How to complete this task
Within the records below, reproduce without change the lines from the line that has "constraint vertical L26" through the line that has "constraint collinear L28 L30", and only those.

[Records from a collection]
####

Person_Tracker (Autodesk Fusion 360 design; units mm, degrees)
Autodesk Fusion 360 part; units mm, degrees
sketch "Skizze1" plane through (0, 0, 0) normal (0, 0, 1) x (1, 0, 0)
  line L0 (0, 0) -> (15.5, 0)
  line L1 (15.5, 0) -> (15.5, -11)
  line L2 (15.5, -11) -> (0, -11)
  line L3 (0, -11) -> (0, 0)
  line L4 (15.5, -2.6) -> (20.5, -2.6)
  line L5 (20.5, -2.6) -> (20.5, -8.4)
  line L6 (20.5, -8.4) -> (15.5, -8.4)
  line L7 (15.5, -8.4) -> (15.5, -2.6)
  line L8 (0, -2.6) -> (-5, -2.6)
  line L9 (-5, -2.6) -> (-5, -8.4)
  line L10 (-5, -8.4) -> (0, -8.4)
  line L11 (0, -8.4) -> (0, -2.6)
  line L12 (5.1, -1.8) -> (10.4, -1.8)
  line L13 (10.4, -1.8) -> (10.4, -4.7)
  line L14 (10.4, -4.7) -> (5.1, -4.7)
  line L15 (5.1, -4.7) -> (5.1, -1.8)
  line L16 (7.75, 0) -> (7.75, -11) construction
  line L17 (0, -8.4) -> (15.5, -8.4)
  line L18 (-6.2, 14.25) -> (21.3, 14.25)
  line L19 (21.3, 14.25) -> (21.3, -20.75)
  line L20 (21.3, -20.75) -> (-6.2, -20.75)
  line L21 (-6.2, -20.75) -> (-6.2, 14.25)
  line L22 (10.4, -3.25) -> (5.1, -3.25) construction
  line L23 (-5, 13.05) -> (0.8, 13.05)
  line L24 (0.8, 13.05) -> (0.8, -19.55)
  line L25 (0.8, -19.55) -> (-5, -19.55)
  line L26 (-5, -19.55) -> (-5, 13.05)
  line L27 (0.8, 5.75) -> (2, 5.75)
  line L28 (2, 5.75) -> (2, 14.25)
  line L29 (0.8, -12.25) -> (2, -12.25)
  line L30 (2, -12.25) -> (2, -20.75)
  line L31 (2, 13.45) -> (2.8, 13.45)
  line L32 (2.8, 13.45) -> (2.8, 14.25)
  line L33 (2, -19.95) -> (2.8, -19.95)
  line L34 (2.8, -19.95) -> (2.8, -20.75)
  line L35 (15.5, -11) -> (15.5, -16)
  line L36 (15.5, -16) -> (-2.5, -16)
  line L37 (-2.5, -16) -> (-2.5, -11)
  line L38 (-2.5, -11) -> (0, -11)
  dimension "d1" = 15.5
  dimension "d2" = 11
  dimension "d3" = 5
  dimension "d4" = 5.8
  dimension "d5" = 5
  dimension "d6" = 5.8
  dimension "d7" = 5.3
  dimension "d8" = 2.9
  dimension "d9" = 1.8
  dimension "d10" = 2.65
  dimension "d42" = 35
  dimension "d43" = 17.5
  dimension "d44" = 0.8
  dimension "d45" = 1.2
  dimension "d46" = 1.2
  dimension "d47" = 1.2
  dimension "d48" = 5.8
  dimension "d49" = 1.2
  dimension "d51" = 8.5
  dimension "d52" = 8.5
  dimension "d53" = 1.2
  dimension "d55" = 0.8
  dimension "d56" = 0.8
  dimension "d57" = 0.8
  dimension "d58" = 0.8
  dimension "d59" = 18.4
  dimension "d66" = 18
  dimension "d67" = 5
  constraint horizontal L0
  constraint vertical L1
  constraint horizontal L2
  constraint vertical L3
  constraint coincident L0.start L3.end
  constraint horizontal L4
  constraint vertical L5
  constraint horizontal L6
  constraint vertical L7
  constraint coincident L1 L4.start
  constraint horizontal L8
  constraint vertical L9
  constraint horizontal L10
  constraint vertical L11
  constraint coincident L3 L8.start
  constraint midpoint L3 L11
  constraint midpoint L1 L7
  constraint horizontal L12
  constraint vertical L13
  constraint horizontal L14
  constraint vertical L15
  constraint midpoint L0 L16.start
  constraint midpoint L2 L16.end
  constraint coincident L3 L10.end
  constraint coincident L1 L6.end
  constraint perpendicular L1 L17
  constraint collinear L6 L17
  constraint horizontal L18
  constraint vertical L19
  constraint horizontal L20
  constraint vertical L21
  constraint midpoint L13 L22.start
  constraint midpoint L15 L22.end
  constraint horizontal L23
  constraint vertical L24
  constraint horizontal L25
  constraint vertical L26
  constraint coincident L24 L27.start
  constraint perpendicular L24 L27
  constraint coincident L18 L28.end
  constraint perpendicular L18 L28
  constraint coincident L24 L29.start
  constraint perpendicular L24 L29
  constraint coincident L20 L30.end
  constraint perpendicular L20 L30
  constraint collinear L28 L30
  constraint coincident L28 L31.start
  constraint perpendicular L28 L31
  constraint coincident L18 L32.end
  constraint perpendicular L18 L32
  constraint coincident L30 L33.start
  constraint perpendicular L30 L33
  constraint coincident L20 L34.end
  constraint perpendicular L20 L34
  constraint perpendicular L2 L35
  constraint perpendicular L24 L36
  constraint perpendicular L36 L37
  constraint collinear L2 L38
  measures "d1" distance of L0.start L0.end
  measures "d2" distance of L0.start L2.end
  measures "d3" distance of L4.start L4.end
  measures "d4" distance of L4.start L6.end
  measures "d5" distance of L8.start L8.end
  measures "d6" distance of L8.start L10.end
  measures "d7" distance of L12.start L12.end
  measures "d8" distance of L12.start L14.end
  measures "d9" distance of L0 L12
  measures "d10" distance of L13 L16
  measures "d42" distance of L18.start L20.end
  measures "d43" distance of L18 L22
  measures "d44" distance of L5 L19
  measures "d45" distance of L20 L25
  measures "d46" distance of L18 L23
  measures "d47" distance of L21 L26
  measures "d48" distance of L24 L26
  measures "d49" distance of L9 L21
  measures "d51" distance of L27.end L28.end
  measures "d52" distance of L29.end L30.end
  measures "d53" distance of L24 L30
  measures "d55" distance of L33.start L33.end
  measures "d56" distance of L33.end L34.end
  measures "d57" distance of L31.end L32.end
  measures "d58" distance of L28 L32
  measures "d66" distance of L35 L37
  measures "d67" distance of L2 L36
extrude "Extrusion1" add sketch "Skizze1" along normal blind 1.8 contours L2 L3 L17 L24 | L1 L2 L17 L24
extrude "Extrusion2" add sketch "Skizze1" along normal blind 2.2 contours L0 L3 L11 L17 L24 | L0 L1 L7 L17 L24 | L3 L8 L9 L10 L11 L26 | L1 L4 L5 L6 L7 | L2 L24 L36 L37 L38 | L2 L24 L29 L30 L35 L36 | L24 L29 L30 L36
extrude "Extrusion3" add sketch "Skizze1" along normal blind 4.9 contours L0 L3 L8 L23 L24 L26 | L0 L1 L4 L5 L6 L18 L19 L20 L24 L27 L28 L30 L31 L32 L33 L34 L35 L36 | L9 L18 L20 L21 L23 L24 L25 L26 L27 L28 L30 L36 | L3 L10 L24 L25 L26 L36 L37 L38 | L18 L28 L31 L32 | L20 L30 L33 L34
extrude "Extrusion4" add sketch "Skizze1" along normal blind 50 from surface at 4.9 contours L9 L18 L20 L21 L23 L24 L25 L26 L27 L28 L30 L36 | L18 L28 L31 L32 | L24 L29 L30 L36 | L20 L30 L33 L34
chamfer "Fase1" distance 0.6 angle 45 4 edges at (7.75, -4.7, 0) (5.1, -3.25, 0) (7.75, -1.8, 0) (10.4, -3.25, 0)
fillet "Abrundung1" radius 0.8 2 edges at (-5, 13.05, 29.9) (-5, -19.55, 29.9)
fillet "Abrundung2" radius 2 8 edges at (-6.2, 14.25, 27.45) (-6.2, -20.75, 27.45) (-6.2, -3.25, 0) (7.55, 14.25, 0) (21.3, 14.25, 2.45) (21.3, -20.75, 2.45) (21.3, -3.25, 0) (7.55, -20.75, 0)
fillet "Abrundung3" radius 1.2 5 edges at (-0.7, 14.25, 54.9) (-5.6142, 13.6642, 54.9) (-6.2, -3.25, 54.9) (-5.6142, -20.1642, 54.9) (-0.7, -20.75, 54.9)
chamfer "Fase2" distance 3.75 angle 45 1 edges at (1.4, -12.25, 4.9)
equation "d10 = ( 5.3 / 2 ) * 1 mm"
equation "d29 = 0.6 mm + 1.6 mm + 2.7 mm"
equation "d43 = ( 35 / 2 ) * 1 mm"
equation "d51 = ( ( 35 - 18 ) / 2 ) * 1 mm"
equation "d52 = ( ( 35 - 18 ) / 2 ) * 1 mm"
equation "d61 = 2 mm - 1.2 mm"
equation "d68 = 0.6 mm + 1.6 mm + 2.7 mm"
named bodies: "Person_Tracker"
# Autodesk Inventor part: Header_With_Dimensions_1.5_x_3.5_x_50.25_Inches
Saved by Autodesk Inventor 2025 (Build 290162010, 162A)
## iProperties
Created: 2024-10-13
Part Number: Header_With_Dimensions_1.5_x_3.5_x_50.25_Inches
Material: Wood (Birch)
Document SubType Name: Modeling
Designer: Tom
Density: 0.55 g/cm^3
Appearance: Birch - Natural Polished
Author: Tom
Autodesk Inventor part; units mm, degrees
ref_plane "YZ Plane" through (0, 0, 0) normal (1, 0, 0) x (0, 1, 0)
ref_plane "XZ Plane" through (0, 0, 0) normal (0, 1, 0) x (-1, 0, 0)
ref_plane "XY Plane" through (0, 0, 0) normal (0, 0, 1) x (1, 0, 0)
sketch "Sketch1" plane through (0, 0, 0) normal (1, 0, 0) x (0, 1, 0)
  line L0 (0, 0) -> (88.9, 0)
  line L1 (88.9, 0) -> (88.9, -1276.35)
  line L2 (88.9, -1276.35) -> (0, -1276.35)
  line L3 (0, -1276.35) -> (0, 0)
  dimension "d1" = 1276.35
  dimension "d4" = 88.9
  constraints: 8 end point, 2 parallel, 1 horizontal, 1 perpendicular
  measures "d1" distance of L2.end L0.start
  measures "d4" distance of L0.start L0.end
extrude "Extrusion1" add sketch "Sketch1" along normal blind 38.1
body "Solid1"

####

Written solution
  constraint vertical L26
  constraint coincident L24 L27.start
  constraint perpendicular L24 L27
  constraint coincident L18 L28.end
  constraint perpendicular L18 L28
  constraint coincident L24 L29.start
  constraint perpendicular L24 L29
  constraint coincident L20 L30.end
  constraint perpendicular L20 L30
  constraint collinear L28 L30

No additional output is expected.